Berkshire's $10 billion is symbolic, but the majority of the $80 billion will be raised from public market investors. The $30 billion public offering will be handled by Goldman Sachs, JPMorgan Chase, and Morgan Stanley — the leading Wall Street investment banks — as joint bookrunners, while the up-to-$40 billion ATM program will be underwritten by the broader market, primarily institutional investors. In other words, the sources of capital span both "the world's most renowned long-term investor (Berkshire)" and "the global institutional investor market," and the sheer breadth of demand can itself be read as a sign of how readily capital is flowing toward AI infrastructure.

And one point that cannot be overlooked when discussing this capital raise is what it represents for Alphabet: a dramatic pivot away from share buybacks. The company had been the quintessential "cash-return company," repurchasing approximately $62 billion (roughly ¥9.3 trillion) of its own shares in 2024 and approximately $46 billion (roughly ¥6.9 trillion) in 2025, returning cash to shareholders. Yet in the first quarter of 2026, it brought buybacks to zero, transforming itself within just a few quarters from the largest buyer of its own shares into the largest issuer of new shares. Barron's (via MSN) described this as "a pivot from buybacks to a massive equity offering," highlighting how the race for AI infrastructure has fundamentally rewritten the capital allocation strategy of one of the world's foremost cash-generating machines.

Market and Commentator Reactions — Bulls and Bears Over "1.8% Dilution"

The market's initial reaction to the announcement was, frankly speaking, cautious. Alphabet shares closed down 1.02% at $372.58 on the day of the announcement, then fell a further roughly 1.5% in after-hours trading to near $367. The new share issuance carries "dilution" that reduces existing shareholders' stakes, creating downward pressure on the stock price. That said, some cooler heads have noted that even an $80 billion raise amounts to only about 1.8% dilution relative to Alphabet's market capitalization of more than $4.5 trillion.

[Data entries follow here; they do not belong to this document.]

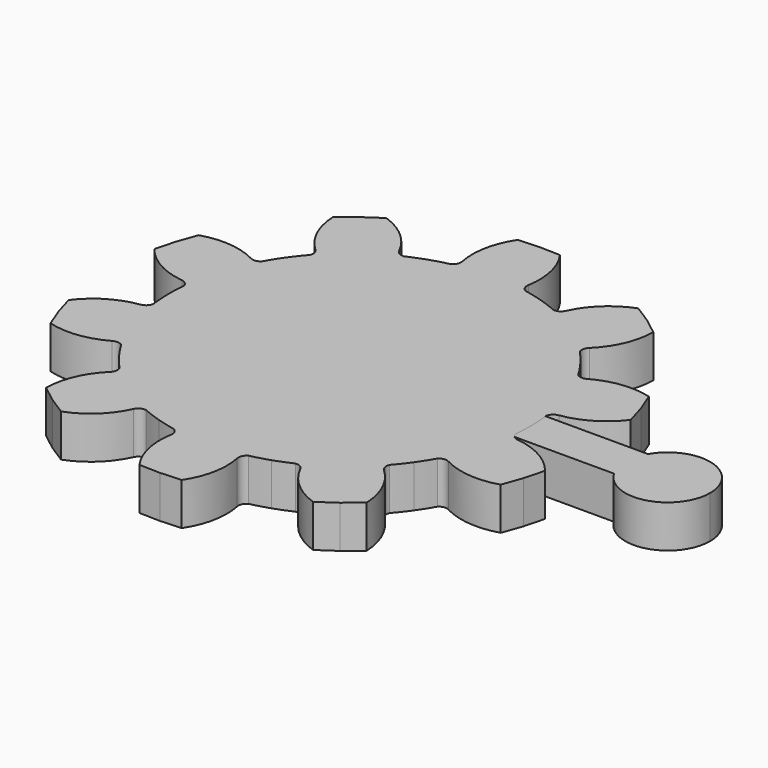
from build123d import *

# Parameters (mm, degrees)
F4_DEPTH = 10
F7_DEPTH = 10
F8_COUNT = 10


# Not quite as in the source:
# - a feature names something its author has since deleted; it is built from what else it names


with BuildPart() as f4:
    # F3 (on Top) → F4 (new body)
    with BuildSketch(Plane.XY):
        with BuildLine():
            Line((0, 5), (8.6602540378, 5))
            ThreePointArc((8.6602540378, 5), (-10, 0), (8.6602540378, -5))
            Line((8.6602540378, -5), (0, -5))
            Line((0, -5), (0, 5))
        make_face()
        with BuildLine():
            ThreePointArc((8.6602540378, 5), (9.6592582629, 2.588190451), (10, 0))
            ThreePointArc((10, 0), (9.6592582629, -2.588190451), (8.6602540378, -5))
            Line((8.6602540378, -5), (66.3397459622, -5))
            ThreePointArc((66.3397459622, -5), (65, 0), (66.3397459622, 5))
            Line((66.3397459622, 5), (8.6602540378, 5))
        make_face()
        with BuildLine():
            ThreePointArc((85, 0), (77.588190451, 9.6592582629), (66.3397459622, 5))
            Line((66.3397459622, 5), (75, 5))
            Line((75, 5), (75, -5))
            Line((75, -5), (66.3397459622, -5))
            ThreePointArc((66.3397459622, -5), (77.588190451, -9.6592582629), (85, 0))
        make_face()
        with BuildLine():
            Line((75, 5), (66.3397459622, 5))
            ThreePointArc((66.3397459622, 5), (65, 0), (66.3397459622, -5))
            Line((66.3397459622, -5), (75, -5))
            Line((75, -5), (75, 5))
        make_face()
        with BuildLine():
            ThreePointArc((8.6602540378, -5), (9.6592582629, -2.588190451), (10, 0))
            ThreePointArc((10, 0), (9.6592582629, 2.588190451), (8.6602540378, 5))
            Line((8.6602540378, 5), (0, 5))
            Line((0, 5), (0, -5))
            Line((0, -5), (8.6602540378, -5))
        make_face()
    extrude(amount=F4_DEPTH)


with BuildPart() as f7:
    # F5 (on Top) → F7 (new body)
    with BuildSketch(Plane.XY):
        with BuildLine():
            ThreePointArc((-13.7207679114, 40.2242529815), (-24.7297125313, -34.5643069961), (42.5, 0))
            ThreePointArc((42.5, 0), (34.2003125005, 25.2307079739), (12.5428882416, 40.6069692855))
            Line((12.5428882416, 40.6069692855), (8.5840838738, 41.526906744))
            ThreePointArc((8.5840838738, 41.526906744), (8.3163788428, 41.6092495204), (8.0628019611, 41.7281826172))
            ThreePointArc((8.0628019611, 41.7281826172), (-0.6192479887, 42.4954883715), (-9.2752537824, 41.4755309462))
            ThreePointArc((-9.2752537824, 41.4755309462), (-9.5252575239, 41.3492596284), (-9.7904495841, 41.2591514287))
            Line((-9.7904495841, 41.2591514287), (-13.7207679114, 40.2242529815))
        make_face()
        with BuildLine():
            Line((8.5840838738, 41.526906744), (12.5428882416, 40.6069692855))
            ThreePointArc((12.5428882416, 40.6069692855), (10.3180859183, 41.2284744198), (8.0628019611, 41.7281826172))
            ThreePointArc((8.0628019611, 41.7281826172), (8.3163788428, 41.6092495204), (8.5840838738, 41.526906744))
        make_face()
        with BuildLine():
            ThreePointArc((-9.2752537824, 41.4755309462), (-11.5150196514, 40.910320488), (-13.7207679114, 40.2242529815))
            Line((-13.7207679114, 40.2242529815), (-9.7904495841, 41.2591514287))
            ThreePointArc((-9.7904495841, 41.2591514287), (-9.5252575239, 41.3492596284), (-9.2752537824, 41.4755309462))
        make_face()
        with BuildLine():
            ThreePointArc((-9.2752537824, 41.4755309462), (-0.6192479887, 42.4954883715), (8.0628019611, 41.7281826172))
            ThreePointArc((8.0628019611, 41.7281826172), (7.2325873296, 42.6119250894), (7.0655284339, 43.8129031978))
            ThreePointArc((7.0655284339, 43.8129031978), (6.8828970608, 50.6273818317), (4.1037621109, 56.8520811979))
            Line((4.1037621109, 56.8520811979), (-0.8305208318, 56.99394911))
            Line((-0.8305208318, 56.99394911), (-5.758574926, 56.7083663565))
            ThreePointArc((-5.758574926, 56.7083663565), (-8.3551546341, 50.4053316041), (-8.3391482628, 43.5884248961))
            ThreePointArc((-8.3391482628, 43.5884248961), (-8.471142139, 42.3830889644), (-9.2752537824, 41.4755309462))
        make_face()
    extrude(amount=F7_DEPTH)

    # F8: F7 ×10 about axis
    f8_axis = Axis((0, 0, -2.4173539132), (0, 0, 1))


with BuildPart() as f7_1:
    add(f7.part)
    for i in range(1, F8_COUNT):
        add(f7.part.rotate(f8_axis, i * 360 / F8_COUNT))


solid = Compound([f4.part, f7_1.part])

Commentators were divided. Prominent investor Jim Cramer warned on social media that the ATM program could become a "slog" that gradually weighs on the stock price "if not handled well." The concern is that shares continuously entering the market over time create a persistent overhang of selling pressure. The aforementioned Jim Chanos raised the more fundamental question of "why, when you already have the cash?"

Bulls, on the other hand, took Berkshire's CEO Greg Abel moving to increase his investment as evidence in itself that AI investments are generating adequate returns. Retail investors on social media were heard saying "this is smart dilution" and "this is actually a good buying opportunity on the dip," with Berkshire's additional investment widely seen as a positive that outweighs dilution concerns.

What the bulls lean on is the strength of the current cloud business. Google Cloud's first-quarter 2026 revenue reached approximately $20 billion, up 63% year-over-year, with the backlog accumulating to $460 billion. A Jefferies analyst noted that "capital expenditure continues to rise, but ROI is clearly materializing through roughly $2 trillion in backlog and accelerating cloud growth." Over the past two years, the bearish case on Alphabet has centered on concerns that conversational AI would cannibalize search advertising, but the strong Q1 results pushed back hard against that view. The market's fault lines have now shifted to a contest between the bull case — that the explosion in AI demand is driving real demand and earnings growth — and the bear case — that rapidly expanding capital expenditure will lead to dilution and compression of free cash flow.

It is also worth noting that semiconductor stocks "upstream" in the AI infrastructure supply chain were actually bought up following the fundraising announcement, with Broadcom rising roughly 6% and Marvell surging approximately 18%, aided as well by bullish demand commentary from Nvidia CEO Jensen Huang. This illustrates how Alphabet's massive capital raise was received as a demand signal for the entire AI supply chain.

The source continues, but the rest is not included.